Really an amazing and unique film that exists in a pretty odd and incomplete form right now. Mumma has been self assembling it from his own archives and things that his many colleagues have recorded. However due to legal issues it would be a man’s job to get it released so he just tinkers with it and shows it at these sort of events.


Set I:


Variations VI, i – Michael Red
Variations VI, ii – Lee Hutzulak, Michael Red, Jean Routhier and Igor Santizo

The first set of music opened with two takes on Variations VI, the first solo and then with more people joining Michael for a second take. He used sounds of feedback, lo res cassettes, various simple sample sounds (tones and the like), room mics, short delays all fed into the surround sound set up.  He worked with some really low frequencies and would layer in hand manipulated sounds from the cassette decks, the sound of tape running over the tape-heads. He would pickup and move the mics and a set of speakers as per the score. At the end he brought things down to a low rumble and then the rest of the performers joined him.
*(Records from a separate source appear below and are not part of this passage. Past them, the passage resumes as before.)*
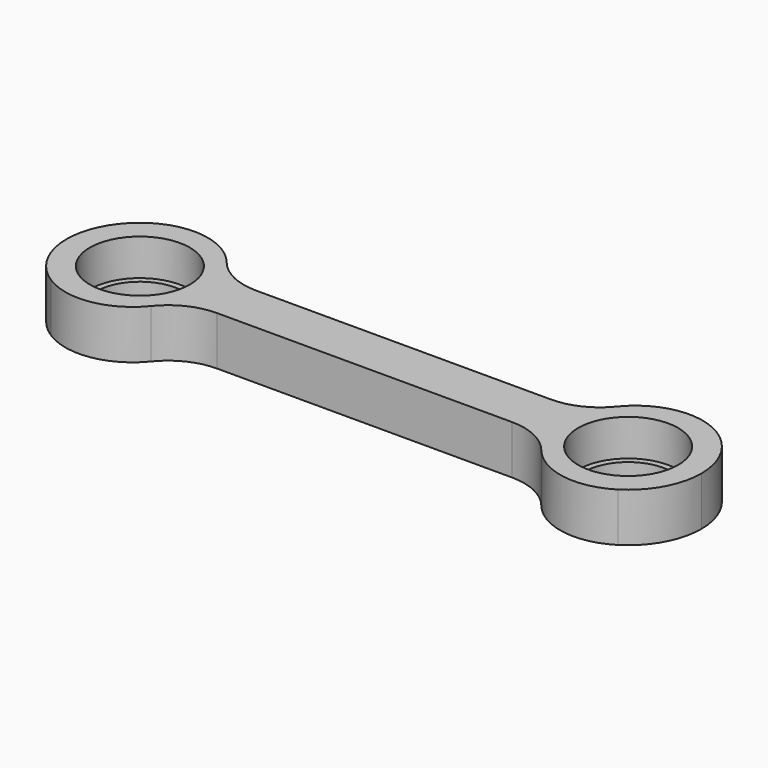
from build123d import *

# Parameters (mm, degrees)
F0_W        = 52
F0_H        = 12
F1_DEPTH    = 4
F2_R        = 4.1
F2_R_2      = 3.6
F3_DEPTH    = 3
F4_DEPTH    = 25
F5_R        = 5.99999
F6_W        = 30
F6_H        = 4
F7_DEPTH    = 25
F8_T1_DEPTH = 45.3877798739
F9_R        = 5


# Not quite as in the source:
# - a fillet or chamfer that OpenCascade refuses, or shapes differently, is made with other operations: its cross-section is extruded or revolved along the edge and cut away or added
# - a fillet or chamfer is up to 0.001 mm smaller than in the source, because OpenCascade refuses the exact size
# - a feature names something its author has since deleted; it is built from what else it names


with BuildPart() as f1:
    # F0 (on Top) → F1 (new body)
    with BuildSketch(Plane.XY):
        with Locations((6.1197612388, 6)):
            Rectangle(F0_W, F0_H)
    extrude(amount=F1_DEPTH)

    # F2 (on face) → F3 (cut)
    with BuildSketch(Plane.XY.offset(4)):
        with Locations((-13.8802387612, 6)):
            Circle(F2_R)
        with Locations((-13.8802387612, 6)):
            Circle(F2_R_2, mode=Mode.SUBTRACT)
        with Locations((26.1197612388, 6)):
            Circle(F2_R)
        with Locations((26.1197612388, 6)):
            Circle(F2_R_2, mode=Mode.SUBTRACT)
    extrude(amount=-F3_DEPTH, mode=Mode.SUBTRACT)

    # F2 (on face) → F4 (cut)
    with BuildSketch(Plane.XY.offset(4)):
        with Locations((-13.8802387612, 6)):
            Circle(F2_R_2)
        with Locations((26.1197612388, 6)):
            Circle(F2_R_2)
    extrude(amount=-F4_DEPTH, mode=Mode.SUBTRACT)

    # F5 (radius 6 in the source; OpenCascade refuses exactly that, so slightly less here)
    f5_edges = [f1.edges().sort_by_distance(p)[0] for p in [
        (32.119761, 12, 2),
        (32.119761, 0, 2),
        (-19.880239, 12, 2),
        (-19.880239, 0, 2),
    ]]
    fillet(f5_edges, radius=F5_R)

    # F6 (on face) → F7 (cut)
    with BuildSketch(Plane.XY.offset(4)):
        with Locations((6.1197612388, 10)):
            Rectangle(F6_W, F6_H)
        with Locations((6.1197612388, 2)):
            Rectangle(F6_W, F6_H)
    extrude(amount=-F7_DEPTH, mode=Mode.SUBTRACT)

    # F8: fillet of radius 5.5 on 4 edges, made by hand

    # F8_s2 → F8_t1 (cut)
    with BuildSketch(Plane.XY.offset(-20.693889937)):
        with BuildLine():
            ThreePointArc((-17.1042715454, 11.0602033843), (-12.2308229409, 11.5763851223), (-8.8802387612, 8))
            Line((-8.8802387612, 8), (-8.3533713972, 8.1578314949))
            ThreePointArc((-8.3533713972, 8.1578314949), (-8.3302387612, 10), (-8.3302387612, 12))
            Line((-8.3302387612, 12), (-8.8802387612, 12.55))
            ThreePointArc((-8.8802387612, 12.55), (-13.8802487612, 12.55), (-17.3998074599, 11.5240552176))
            Line((-17.3998074599, 11.5240552176), (-17.1042715454, 11.0602033843))
        make_face()
        with BuildLine():
            ThreePointArc((-8.8802387612, 4), (-12.2308229409, 0.4236148777), (-17.1042715454, 0.9397966157))
            Line((-17.1042715454, 0.9397966157), (-17.3998074599, 0.4759447824))
            ThreePointArc((-17.3998074599, 0.4759447824), (-13.8802487612, -0.55), (-8.8802387612, -0.55))
            Line((-8.8802387612, -0.55), (-8.3302387612, 0))
            ThreePointArc((-8.3302387612, 0), (-8.3302387612, 2), (-8.3533713972, 3.8421685051))
            Line((-8.3533713972, 3.8421685051), (-8.8802387612, 4))
        make_face()
        with BuildLine():
            ThreePointArc((29.3437940231, 0.9397966157), (24.4703454185, 0.4236148777), (21.1197612388, 4))
            Line((21.1197612388, 4), (20.5928938749, 3.8421685051))
            ThreePointArc((20.5928938749, 3.8421685051), (20.5697612388, 2), (20.5697612388, 0))
            Line((20.5697612388, 0), (21.1197612388, -0.55))
            ThreePointArc((21.1197612388, -0.55), (26.1197712388, -0.55), (29.6393299376, 0.4759447824))
            Line((29.6393299376, 0.4759447824), (29.3437940231, 0.9397966157))
        make_face()
        with BuildLine():
            ThreePointArc((21.1197612388, 8), (24.4703454185, 11.5763851223), (29.3437940231, 11.0602033843))
            Line((29.3437940231, 11.0602033843), (29.6393299376, 11.5240552176))
            ThreePointArc((29.6393299376, 11.5240552176), (26.1197712388, 12.55), (21.1197612388, 12.55))
            Line((21.1197612388, 12.55), (20.5697612388, 12))
            ThreePointArc((20.5697612388, 12), (20.5697612388, 10), (20.5928938749, 8.1578314949))
            Line((20.5928938749, 8.1578314949), (21.1197612388, 8))
        make_face()
    extrude(amount=F8_T1_DEPTH, mode=Mode.SUBTRACT)

    # F9
    f9_edges = [f1.edges().sort_by_distance(p)[0] for p in [
        (-8.880239, 8, 2),
        (-8.880239, 4, 2),
        (21.119761, 8, 2),
        (21.119761, 4, 2),
    ]]
    fillet(f9_edges, radius=F9_R)


solid = f1.part
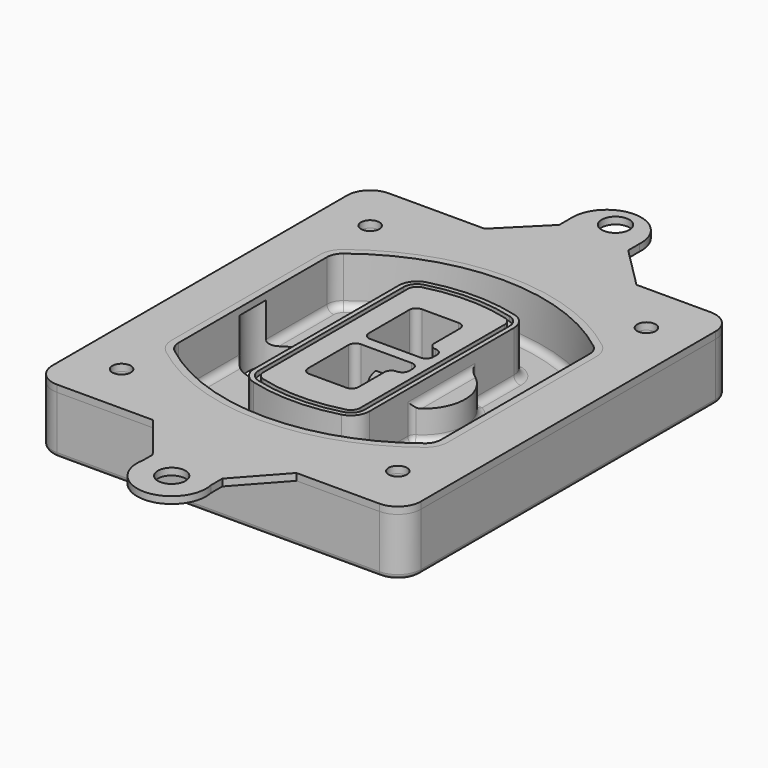
from build123d import *

# Parameters (mm, degrees)
F0_R      = 4
F1_DEPTH  = 25
F2_DEPTH  = 3
F3_DEPTH  = 18
F5_DEPTH  = 21
F6_DEPTH  = 2
F8_DEPTH  = 20
F9_DEPTH  = 16
F10_DEPTH = 25
F7_R      = 6
F7_R_2    = 4
F11_DEPTH = 6
F13_DEPTH = 9
F14_R     = 3
F15_R     = 2
F16_R     = 4
F16_R_2   = 6
F17_DEPTH = 3
F18_DEPTH = 3


# Not quite as in the source:
# - a feature names something its author has since deleted; it is built from what else it names


with BuildPart() as f1:
    # F0 (on Top) → F1 (new body)
    with BuildSketch(Plane.XY):
        with BuildLine():
            ThreePointArc((-80, -80), (-77.0710678119, -87.0710678119), (-70, -90))
            Line((-70, -90), (70, -90))
            ThreePointArc((70, -90), (77.0710678119, -87.0710678119), (80, -80))
            Line((80, -80), (80, 80))
            ThreePointArc((80, 80), (77.0710678119, 87.0710678119), (70, 90))
            Line((70, 90), (-70, 90))
            ThreePointArc((-70, 90), (-77.0710678119, 87.0710678119), (-80, 80))
            Line((-80, 80), (-80, -80))
        make_face()
        with Locations((-60, -67.5)):
            Circle(F0_R, mode=Mode.SUBTRACT)
        with Locations((60, -67.5)):
            Circle(F0_R, mode=Mode.SUBTRACT)
        with Locations((-60, 67.5)):
            Circle(F0_R, mode=Mode.SUBTRACT)
        with BuildLine():
            ThreePointArc((-64, 40.2934422872), (-62.5820384798, 46.4328484224), (-58.6153846154, 51.3286200352))
            ThreePointArc((-58.6153846154, 51.3286200352), (0, 71.5), (58.6153846154, 51.3286200352))
            ThreePointArc((58.6153846154, 51.3286200352), (62.5820384798, 46.4328484224), (64, 40.2934422872))
            Line((64, 40.2934422872), (64, -40.2934422872))
            ThreePointArc((64, -40.2934422872), (62.5820384798, -46.4328484224), (58.6153846154, -51.3286200352))
            ThreePointArc((58.6153846154, -51.3286200352), (0, -71.5), (-58.6153846154, -51.3286200352))
            ThreePointArc((-58.6153846154, -51.3286200352), (-62.5820384798, -46.4328484224), (-64, -40.2934422872))
            Line((-64, -40.2934422872), (-64, 40.2934422872))
        make_face(mode=Mode.SUBTRACT)
        with Locations((60, 67.5)):
            Circle(F0_R, mode=Mode.SUBTRACT)
        with BuildLine():
            ThreePointArc((58.6153846154, 51.3286200352), (0, 71.5), (-58.6153846154, 51.3286200352))
            ThreePointArc((-58.6153846154, 51.3286200352), (-62.5820384798, 46.4328484224), (-64, 40.2934422872))
            Line((-64, 40.2934422872), (-64, -40.2934422872))
            ThreePointArc((-64, -40.2934422872), (-62.5820384798, -46.4328484224), (-58.6153846154, -51.3286200352))
            ThreePointArc((-58.6153846154, -51.3286200352), (0, -71.5), (58.6153846154, -51.3286200352))
            ThreePointArc((58.6153846154, -51.3286200352), (62.5820384798, -46.4328484224), (64, -40.2934422872))
            Line((64, -40.2934422872), (64, 40.2934422872))
            ThreePointArc((64, 40.2934422872), (62.5820384798, 46.4328484224), (58.6153846154, 51.3286200352))
        make_face()
        with BuildLine():
            Line((-60, -40.2934422872), (-60, 40.2934422872))
            ThreePointArc((-60, 40.2934422872), (-58.9871703427, 44.6787323838), (-56.1538461538, 48.1757121072))
            ThreePointArc((-56.1538461538, 48.1757121072), (0, 67.5), (56.1538461538, 48.1757121072))
            ThreePointArc((56.1538461538, 48.1757121072), (58.9871703427, 44.6787323838), (60, 40.2934422872))
            Line((60, 40.2934422872), (60, -40.2934422872))
            ThreePointArc((60, -40.2934422872), (58.9871703427, -44.6787323838), (56.1538461538, -48.1757121072))
            ThreePointArc((56.1538461538, -48.1757121072), (0, -67.5), (-56.1538461538, -48.1757121072))
            ThreePointArc((-56.1538461538, -48.1757121072), (-58.9871703427, -44.6787323838), (-60, -40.2934422872))
        make_face(mode=Mode.SUBTRACT)
        with BuildLine():
            ThreePointArc((-56.1538461538, 48.1757121072), (-58.9871703427, 44.6787323838), (-60, 40.2934422872))
            Line((-60, 40.2934422872), (-60, -40.2934422872))
            ThreePointArc((-60, -40.2934422872), (-58.9871703427, -44.6787323838), (-56.1538461538, -48.1757121072))
            ThreePointArc((-56.1538461538, -48.1757121072), (0, -67.5), (56.1538461538, -48.1757121072))
            ThreePointArc((56.1538461538, -48.1757121072), (58.9871703427, -44.6787323838), (60, -40.2934422872))
            Line((60, -40.2934422872), (60, 40.2934422872))
            ThreePointArc((60, 40.2934422872), (58.9871703427, 44.6787323838), (56.1538461538, 48.1757121072))
            ThreePointArc((56.1538461538, 48.1757121072), (0, 67.5), (-56.1538461538, 48.1757121072))
        make_face()
        with BuildLine():
            ThreePointArc((54.3076923077, 45.8110311612), (56.2910192399, 43.3631453548), (57, 40.2934422872))
            Line((57, 40.2934422872), (57, -40.2934422872))
            ThreePointArc((57, -40.2934422872), (56.2910192399, -43.3631453548), (54.3076923077, -45.8110311612))
            ThreePointArc((54.3076923077, -45.8110311612), (0, -64.5), (-54.3076923077, -45.8110311612))
            ThreePointArc((-54.3076923077, -45.8110311612), (-56.2910192399, -43.3631453548), (-57, -40.2934422872))
            Line((-57, -40.2934422872), (-57, 40.2934422872))
            ThreePointArc((-57, 40.2934422872), (-56.2910192399, 43.3631453548), (-54.3076923077, 45.8110311612))
            ThreePointArc((-54.3076923077, 45.8110311612), (0, 64.5), (54.3076923077, 45.8110311612))
        make_face(mode=Mode.SUBTRACT)
        with BuildLine():
            Line((57, -40.2934422872), (57, 40.2934422872))
            ThreePointArc((57, 40.2934422872), (56.2910192399, 43.3631453548), (54.3076923077, 45.8110311612))
            ThreePointArc((54.3076923077, 45.8110311612), (0, 64.5), (-54.3076923077, 45.8110311612))
            ThreePointArc((-54.3076923077, 45.8110311612), (-56.2910192399, 43.3631453548), (-57, 40.2934422872))
            Line((-57, 40.2934422872), (-57, -40.2934422872))
            ThreePointArc((-57, -40.2934422872), (-56.2910192399, -43.3631453548), (-54.3076923077, -45.8110311612))
            ThreePointArc((-54.3076923077, -45.8110311612), (0, -64.5), (54.3076923077, -45.8110311612))
            ThreePointArc((54.3076923077, -45.8110311612), (56.2910192399, -43.3631453548), (57, -40.2934422872))
        make_face()
    extrude(amount=-F1_DEPTH)

    # F0 (on Top) → F2 (join)
    with BuildSketch(Plane.XY):
        with BuildLine():
            ThreePointArc((-56.1538461538, 48.1757121072), (-58.9871703427, 44.6787323838), (-60, 40.2934422872))
            Line((-60, 40.2934422872), (-60, -40.2934422872))
            ThreePointArc((-60, -40.2934422872), (-58.9871703427, -44.6787323838), (-56.1538461538, -48.1757121072))
            ThreePointArc((-56.1538461538, -48.1757121072), (0, -67.5), (56.1538461538, -48.1757121072))
            ThreePointArc((56.1538461538, -48.1757121072), (58.9871703427, -44.6787323838), (60, -40.2934422872))
            Line((60, -40.2934422872), (60, 40.2934422872))
            ThreePointArc((60, 40.2934422872), (58.9871703427, 44.6787323838), (56.1538461538, 48.1757121072))
            ThreePointArc((56.1538461538, 48.1757121072), (0, 67.5), (-56.1538461538, 48.1757121072))
        make_face()
        with BuildLine():
            ThreePointArc((54.3076923077, 45.8110311612), (56.2910192399, 43.3631453548), (57, 40.2934422872))
            Line((57, 40.2934422872), (57, -40.2934422872))
            ThreePointArc((57, -40.2934422872), (56.2910192399, -43.3631453548), (54.3076923077, -45.8110311612))
            ThreePointArc((54.3076923077, -45.8110311612), (0, -64.5), (-54.3076923077, -45.8110311612))
            ThreePointArc((-54.3076923077, -45.8110311612), (-56.2910192399, -43.3631453548), (-57, -40.2934422872))
            Line((-57, -40.2934422872), (-57, 40.2934422872))
            ThreePointArc((-57, 40.2934422872), (-56.2910192399, 43.3631453548), (-54.3076923077, 45.8110311612))
            ThreePointArc((-54.3076923077, 45.8110311612), (0, 64.5), (54.3076923077, 45.8110311612))
        make_face(mode=Mode.SUBTRACT)
    extrude(amount=F2_DEPTH)

    # F0 (on Top) → F3 (cut)
    with BuildSketch(Plane.XY):
        with BuildLine():
            Line((57, -40.2934422872), (57, 40.2934422872))
            ThreePointArc((57, 40.2934422872), (56.2910192399, 43.3631453548), (54.3076923077, 45.8110311612))
            ThreePointArc((54.3076923077, 45.8110311612), (0, 64.5), (-54.3076923077, 45.8110311612))
            ThreePointArc((-54.3076923077, 45.8110311612), (-56.2910192399, 43.3631453548), (-57, 40.2934422872))
            Line((-57, 40.2934422872), (-57, -40.2934422872))
            ThreePointArc((-57, -40.2934422872), (-56.2910192399, -43.3631453548), (-54.3076923077, -45.8110311612))
            ThreePointArc((-54.3076923077, -45.8110311612), (0, -64.5), (54.3076923077, -45.8110311612))
            ThreePointArc((54.3076923077, -45.8110311612), (56.2910192399, -43.3631453548), (57, -40.2934422872))
        make_face()
    extrude(amount=-F3_DEPTH, mode=Mode.SUBTRACT)

    # F4 (on face) → F5 (join, through all)
    with BuildSketch(Plane.XY.offset(3)):
        with BuildLine():
            ThreePointArc((-25, -39.2465276821), (-23.3511545998, -44.1109737193), (-19.0842911877, -46.9702398883))
            ThreePointArc((-19.0842911877, -46.9702398883), (0, -49.5), (19.0842911877, -46.9702398883))
            ThreePointArc((19.0842911877, -46.9702398883), (23.3511545998, -44.1109737193), (25, -39.2465276821))
            Line((25, -39.2465276821), (25, 39.2465276821))
            ThreePointArc((25, 39.2465276821), (23.3511545998, 44.1109737193), (19.0842911877, 46.9702398883))
            ThreePointArc((19.0842911877, 46.9702398883), (0, 49.5), (-19.0842911877, 46.9702398883))
            ThreePointArc((-19.0842911877, 46.9702398883), (-23.3511545998, 44.1109737193), (-25, 39.2465276821))
            Line((-25, 39.2465276821), (-25, -39.2465276821))
        make_face()
        with BuildLine():
            ThreePointArc((18.5632183908, 45.0393118368), (21.7633659499, 42.89486221), (23, 39.2465276821))
            Line((23, 39.2465276821), (23, -39.2465276821))
            ThreePointArc((23, -39.2465276821), (21.7633659499, -42.89486221), (18.5632183908, -45.0393118368))
            ThreePointArc((18.5632183908, -45.0393118368), (0, -47.5), (-18.5632183908, -45.0393118368))
            ThreePointArc((-18.5632183908, -45.0393118368), (-21.7633659499, -42.89486221), (-23, -39.2465276821))
            Line((-23, -39.2465276821), (-23, 39.2465276821))
            ThreePointArc((-23, 39.2465276821), (-21.7633659499, 42.89486221), (-18.5632183908, 45.0393118368))
            ThreePointArc((-18.5632183908, 45.0393118368), (0, 47.5), (18.5632183908, 45.0393118368))
        make_face(mode=Mode.SUBTRACT)
        with BuildLine():
            Line((23, -39.2465276821), (23, 39.2465276821))
            ThreePointArc((23, 39.2465276821), (21.7633659499, 42.89486221), (18.5632183908, 45.0393118368))
            ThreePointArc((18.5632183908, 45.0393118368), (0, 47.5), (-18.5632183908, 45.0393118368))
            ThreePointArc((-18.5632183908, 45.0393118368), (-21.7633659499, 42.89486221), (-23, 39.2465276821))
            Line((-23, 39.2465276821), (-23, -39.2465276821))
            ThreePointArc((-23, -39.2465276821), (-21.7633659499, -42.89486221), (-18.5632183908, -45.0393118368))
            ThreePointArc((-18.5632183908, -45.0393118368), (0, -47.5), (18.5632183908, -45.0393118368))
            ThreePointArc((18.5632183908, -45.0393118368), (21.7633659499, -42.89486221), (23, -39.2465276821))
        make_face()
        with BuildLine():
            ThreePointArc((18.0421455939, 43.1083837852), (20.1755772999, 41.6787507007), (21, 39.2465276821))
            Line((21, 39.2465276821), (21, -39.2465276821))
            ThreePointArc((21, -39.2465276821), (20.1755772999, -41.6787507007), (18.0421455939, -43.1083837852))
            ThreePointArc((18.0421455939, -43.1083837852), (0, -45.5), (-18.0421455939, -43.1083837852))
            ThreePointArc((-18.0421455939, -43.1083837852), (-20.1755772999, -41.6787507007), (-21, -39.2465276821))
            Line((-21, -39.2465276821), (-21, 39.2465276821))
            ThreePointArc((-21, 39.2465276821), (-20.1755772999, 41.6787507007), (-18.0421455939, 43.1083837852))
            ThreePointArc((-18.0421455939, 43.1083837852), (0, 45.5), (18.0421455939, 43.1083837852))
        make_face(mode=Mode.SUBTRACT)
        with BuildLine():
            Line((21, -39.2465276821), (21, 39.2465276821))
            ThreePointArc((21, 39.2465276821), (20.1755772999, 41.6787507007), (18.0421455939, 43.1083837852))
            ThreePointArc((18.0421455939, 43.1083837852), (0, 45.5), (-18.0421455939, 43.1083837852))
            ThreePointArc((-18.0421455939, 43.1083837852), (-20.1755772999, 41.6787507007), (-21, 39.2465276821))
            Line((-21, 39.2465276821), (-21, -39.2465276821))
            ThreePointArc((-21, -39.2465276821), (-20.1755772999, -41.6787507007), (-18.0421455939, -43.1083837852))
            ThreePointArc((-18.0421455939, -43.1083837852), (0, -45.5), (18.0421455939, -43.1083837852))
            ThreePointArc((18.0421455939, -43.1083837852), (20.1755772999, -41.6787507007), (21, -39.2465276821))
        make_face()
        with BuildLine():
            Line((-8, -2.5), (14, -2.5))
            ThreePointArc((14, -2.5), (16.1213203436, -3.3786796564), (17, -5.5))
            Line((17, -5.5), (17, -7.5))
            ThreePointArc((17, -7.5), (16.1213203436, -9.6213203436), (14, -10.5))
            ThreePointArc((14, -10.5), (11.8786796564, -11.3786796564), (11, -13.5))
            Line((11, -13.5), (11, -27.5))
            ThreePointArc((11, -27.5), (10.1213203436, -29.6213203436), (8, -30.5))
            Line((8, -30.5), (-8, -30.5))
            ThreePointArc((-8, -30.5), (-10.1213203436, -29.6213203436), (-11, -27.5))
            Line((-11, -27.5), (-11, -5.5))
            ThreePointArc((-11, -5.5), (-10.1213203436, -3.3786796564), (-8, -2.5))
        make_face(mode=Mode.SUBTRACT)
        with BuildLine():
            ThreePointArc((-8, 2.5), (-10.1213203436, 3.3786796564), (-11, 5.5))
            Line((-11, 5.5), (-11, 27.5))
            ThreePointArc((-11, 27.5), (-10.1213203436, 29.6213203436), (-8, 30.5))
            Line((-8, 30.5), (8, 30.5))
            ThreePointArc((8, 30.5), (10.1213203436, 29.6213203436), (11, 27.5))
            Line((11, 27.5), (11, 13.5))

They began by working out the score as they will be playing it. This involved shaking out little scraps of paper onto another scrape of paper and writing stuff down. After getting the score in order they reset the stage with the speakers and the microphones and then proceed to a larger more involved version of the solo take on this. They all had a series of actions they needed to complete, a number of which they did outside of the performance room. So there was an endless procession of them going in and out of the room and sounds filtering in from the out side. Along with the cassette, samples, tones and feedback that Michael had worked with they added a number of percussion sounds, samples of people, ping-pong balls, bells, a contact mic collection of objects and other random detritus. There was much repositioning of the room mics and a bit of use of a megaphone. It was pretty entertaining to watch and there were some great musical elements. The samples in the surround (which were sometimes of people talking) and the doing stuff outside the room really confused some people. These people should have been able to accept outside sounds anyway, it being a Cage performance after all, but it also was fairly obvious what was going on. To me that just added to the amusement.


Artist Chat: John Tilbury

Before the chat officially began I managed to have a few words with John about his forthcoming Cardew biography. He revealed to me that it is in the final stages of editing (indexing, contents and the like) and would most likely appear early 2007. This is great news as there are few books (and definitely no other biographies) that I am anticipating to the degree that I am for this one.

The rest of the crowd filed in and as always Giorgio introduced John and opened the floor to questions. The first questions were regarding his history of playing Cage’s Sonata’s and Interludes, which while John couldn’t give a specific date he said it had to be around 1969 to 1970 most likely in Venice.  The recording that he made of it was done in 1973 in an old church with magnificent acoustics.  He said that his attitude toward the piece has change, that in the early days he was very precise about all aspects of it and now he is more relaxed. Except with the preparations, he has always been very anal about them – until tonight!  He informed us that he was unable to get one preparation on a note that has several others on it to sound right so he left it off. It’s the music that counts he said to us, but then on reflection adding, but that in a way betrays Cage’s ideals doesn’t it? In the past he had prepared pianos strictly following the instruction and not listened to the sound it made, just adapted to it in the performance. For every prepared piano is different and the preparations can never be exactly the same nor behave over time in the same way.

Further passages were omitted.